Concert hommage à Rachid. / ©BenPi
Autre proche disparu, Pierre Alferi, avec lequel vous étiez ami et collaborateur.

Nous avions en effet très vite collaboré avec Pierre. Dès les débuts de Kat Onoma, où il exerçait comme parolier, sous le nom de Thomas Lago. Puis il m’a sollicité pour proposer différemment la philosophie, en live, avec les cinépoèmes, des textes pour l’écran qui proposent des modes d’apparition et de lecture en lien étroit avec la musique. Pierre mettait sa poésie au service de la cinématographie, moi j’intervenais comme musicien live. Par son approche, Avalanche, qui sortira le 8 novembre, peut sonner comme une forme d’hommage.

Cet album est aussi le fruit d’un travail avec Christophe Calpini et Blaise Caillet…

Oui. Je suis très heureux de l’avoir fait avec eux. Christophe, je l’avais rencontré via Alain Bashung. Avec Blaise Caillet, je trouvais leur base instrumentale inspirante, comme sur le morceau inattendu, d’un point de vue dramaturgique et de celui de la position de la voix.
Lenz III s’inscrit dans une continuité, presque une ritournelle. En bleu adorable est un travail plus lancinant, à plusieurs voix, en plusieurs langues. A Dean Martin, qui clôture l’album est encore quelque chose de différent. Cette reprise de la chanson de Fabio Concato parue en 1983 est presque une sucrerie, dédiée à Pierre, pour le plaisir de chanter en italien.

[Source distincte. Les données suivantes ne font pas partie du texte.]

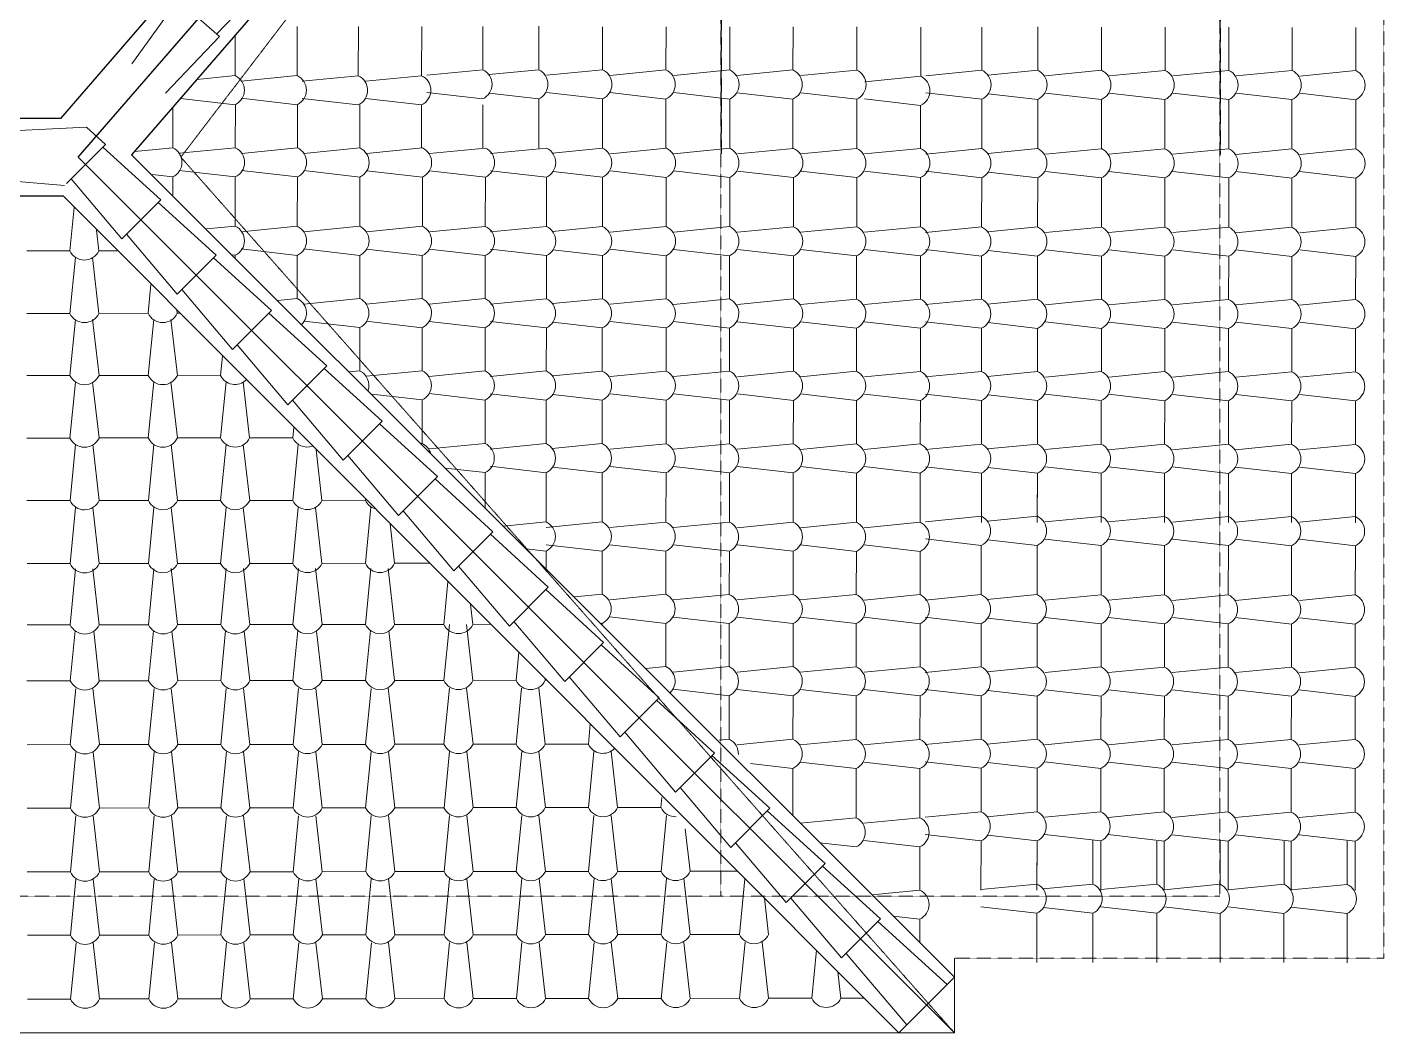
# Model space of a CAD drawing. Header units: millimetres. Extents: x -2768 to 386734, y -140 to 258833.
# Drawn here: x 241292 to 246252, y 134786 to 138461 of the extents above; entities that cross this region are included whole.
import ezdxf

# ---------------------------------------------------------------- set-up
doc = ezdxf.new("R2010")
doc.units = ezdxf.units.MM
doc.linetypes.add('HIDDEN', pattern=[9.525, 6.35, -3.175])
for name, color, linetype, lineweight in [('parapetto', 251, 'Continuous', 9), ('PROIEZIONI', 145, 'Continuous', 5), ('rilievo', 7, 'Continuous', 25), ('TRATTEGGIO_tetto', 1, 'Continuous', 0)]:
    doc.layers.add(name, color=color, linetype=linetype, lineweight=lineweight)

msp = doc.modelspace()

# ---------------------------------------------------------------- linework, layer by layer
at = {"layer": 'parapetto', "linetype": 'HIDDEN', "ltscale": 0.13}
for p, q in [((243830.3, 143397.8), (243830.3, 137997.8)), ((245654.8, 143396), (245654.8, 137996)), ((246252, 141052.2), (246252, 135058.6)), ((243827.5, 140688.1), (243827.5, 135288.1)), ((245652, 140686.2), (245652, 135286.2)), ((243317.1, 139900.6), (241853.8, 137986.2)), ((241853.8, 137986.2), (244682, 134786.2)), ((237671.9, 135286.2), (245652, 135286.2)), ((244682, 135058.6), (244682, 134786.2)), ((244682, 135058.6), (246252, 135058.6)), ((237717, 134786.2), (244682, 134786.2))]:
    msp.add_line(p, q, dxfattribs=at)
at = {"layer": 'PROIEZIONI'}
for p, q in [((244682, 134989.7), (241673.9, 137994.3)), ((244682, 134786.2), (241478.7, 137985.8)), ((244478.8, 134786.2), (241424.7, 137843.9)), ((244682, 134786.2), (244682, 135058.6)), ((244478.8, 134786.2), (244682, 134989.7)), ((244682, 134786.2), (239803.7, 134786.2))]:
    msp.add_line(p, q, dxfattribs=at)
at = {"layer": 'rilievo', "linetype": 'ByBlock', "ltscale": 0.13}
for p, q in [((244491.4, 141686.2), (241413.7, 138127.6)), ((241478.7, 137985.8), (244682, 141686.2)), ((241478.7, 137985.8), (244682, 141686.2)), ((244682, 141472.4), (241673.9, 137994.3)), ((241413.7, 138127.6), (238506.1, 138127.6)), ((241424.7, 137843.9), (238466.7, 137843.9))]:
    msp.add_line(p, q, dxfattribs=at)
at = {"layer": 'TRATTEGGIO_tetto'}
for p, q in [((242182.9, 138644.1), (241985.6, 138436.5)), ((241674.1, 138327.9), (241843.3, 138559.7)), ((241995.6, 138427.8), (241843.3, 138559.7)), ((242279.1, 138284.3), (242279.3, 138464.2)), ((242502.6, 138283.9), (242502.8, 138463.7)), ((242734.1, 138283.9), (242734.3, 138463.7)), ((242957.6, 138305.9), (242957.8, 138463.5)), ((243162.3, 138305.7), (243162.4, 138464.6)), ((243395.7, 138305.5), (243395.8, 138463)), ((243627.4, 138305.3), (243627.6, 138462.8)), ((243860.9, 138305), (243861, 138462.6)), ((244091.7, 138304.8), (244091.9, 138462.3)), ((244325.2, 138304.6), (244325.3, 138462.1)), ((244558.6, 138282), (244558.8, 138461.9)), ((244782.1, 138304.1), (244782.3, 138461.6)), ((244986.8, 138303.9), (244986.9, 138462.8)), ((245220.2, 138303.6), (245220.3, 138461.2)), ((245451.9, 138303.4), (245452.1, 138460.9)), ((245685.4, 138303.2), (245685.5, 138460.7)), ((245916.2, 138302.9), (245916.4, 138460.5)), ((246149.7, 138302.7), (246149.8, 138460.2)), ((241995.6, 138427.8), (241798.3, 138220.3)), ((242052.3, 138284.3), (242052.5, 138432.1)), ((242752.9, 138285.9), (242957.6, 138305.9)), ((242979.7, 138287.8), (243162.3, 138305.7)), ((243191, 138285.4), (243395.7, 138305.5)), ((243422.7, 138285.2), (243627.4, 138305.3)), ((243656.2, 138285), (243860.9, 138305)), ((243887, 138284.7), (244091.7, 138304.8)), ((244120.5, 138284.5), (244325.2, 138304.6)), ((244577.4, 138284), (244782.1, 138304.1)), ((244804.2, 138286), (244986.8, 138303.9)), ((245015.5, 138283.6), (245220.2, 138303.6)), ((245247.2, 138283.3), (245451.9, 138303.4)), ((245480.7, 138283.1), (245685.4, 138303.2)), ((245711.5, 138282.9), (245916.2, 138302.9)), ((245945, 138282.6), (246149.7, 138302.7)), ((241912.9, 138270.6), (242052.3, 138284.3)), ((242074.4, 138264.2), (242279.1, 138284.3)), ((242297.9, 138263.8), (242502.6, 138283.9)), ((242529.4, 138263.8), (242734.1, 138283.9)), ((244353.9, 138261.9), (244558.6, 138282)), ((241852.5, 138200.8), (242052.2, 138177.8)), ((242074.3, 138201.4), (242279, 138177.8)), ((242297.8, 138200.9), (242502.5, 138177.4)), ((242529.3, 138200.9), (242734, 138177.4)), ((242752.8, 138223), (242957.5, 138199.5)), ((242981.4, 138220), (243162.2, 138199.3)), ((243162, 138019.4), (243162.2, 138199.3)), ((243162, 138041.7), (243162.2, 138199.3)), ((243190.9, 138222.5), (243395.6, 138199)), ((243395.4, 138019.2), (243395.6, 138199)), ((243422.7, 138222.3), (243627.3, 138198.8)), ((243627.1, 138018.9), (243627.3, 138198.8)), ((243656.1, 138222.1), (243860.8, 138198.6)), ((243860.6, 138018.7), (243860.8, 138198.6)), ((243887, 138221.8), (244091.6, 138198.3)), ((244091.4, 138018.5), (244091.6, 138198.3)), ((244120.4, 138221.6), (244325.1, 138198.1)), ((244324.9, 138018.2), (244325.1, 138198.1)), ((244353.8, 138199), (244558.5, 138175.5)), ((244577.3, 138221.1), (244782, 138197.6)), ((244781.8, 138017.8), (244782, 138197.6)), ((244805.9, 138218.2), (244986.7, 138197.4)), ((244986.5, 138017.6), (244986.7, 138197.4)), ((244986.5, 138039.9), (244986.7, 138197.4)), ((245015.4, 138220.7), (245220.1, 138197.2)), ((245219.9, 138017.3), (245220.1, 138197.2)), ((245247.2, 138220.5), (245451.8, 138196.9)), ((245451.6, 138017.1), (245451.8, 138196.9)), ((245480.6, 138220.2), (245685.3, 138196.7)), ((245685.1, 138016.8), (245685.3, 138196.7)), ((245711.5, 138220), (245916.1, 138196.5)), ((245915.9, 138016.6), (245916.1, 138196.5)), ((245944.9, 138219.7), (246149.6, 138196.2)), ((246149.4, 138016.4), (246149.6, 138196.2)), ((241824.2, 138020.8), (241824.4, 138168.3)), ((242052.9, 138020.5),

Avec les Sonneblumme. / ©BenPi
Autre incontournable, comment ne pas parler de votre collaboration avec les Sonneblumme dont on pressent un album au printemps prochain…

Quelle expérience incroyable que d’avoir croisé ces gars à l’Institut médico-social Les Tournesols de Sainte-Marie-Aux-Mines. Ce n’était, pour ma part, pas ma première expérience. J’avais par le passé déjà travaillé avec Madeleine Louarn et des comédiens jugés « différents », de l’atelier Catalyse de Morlaix. La rencontre avait alors été instantanée. Dès que j’ai lancé un premier accord de guitare, ils se sont retournés et m’ont adressé quelque chose d’incroyable. C’était très émouvant. Je les voyais danser et ils étaient comme électrisés, dans un rapport extrêmement intense à ma musique. C’est quelque chose que j’ai souvent pu vérifier dans mes concerts.
À chaque fois qu’il y a ce qu’on appelle des « handicapés mentaux », je suis frappé par l’intensité de leur écoute et de leur présence. Ils ont une disponibilité à la musique totale et sans aucun filtre. Et quand je suis venu voir les Sonneblumme avec Bertrand Belin, il y avait ce gars, Dominique, qui s’était mis à faire l’horloge parlante sur scène.
Lui, c’est le genre de personnage qui peut vous réciter la liste de toutes les sous-préfectures de France. C’est digne d’une performance d’art contemporain. De là je leur ai proposé une résidence de 10 jours, suivie d’un concert secret lors du dernier festival C’est dans la Vallée, avec rendez-vous à 14h sur le parking du Super U, ça a été un moment magnifique, avec Dominique qui s’adressait au public du supermarché entre chaque morceau. S’en est suivi le Palais de Tokyo et ce projet, j’espère effectivement, pour le printemps prochain, continuer cette belle aventure autour d’un album.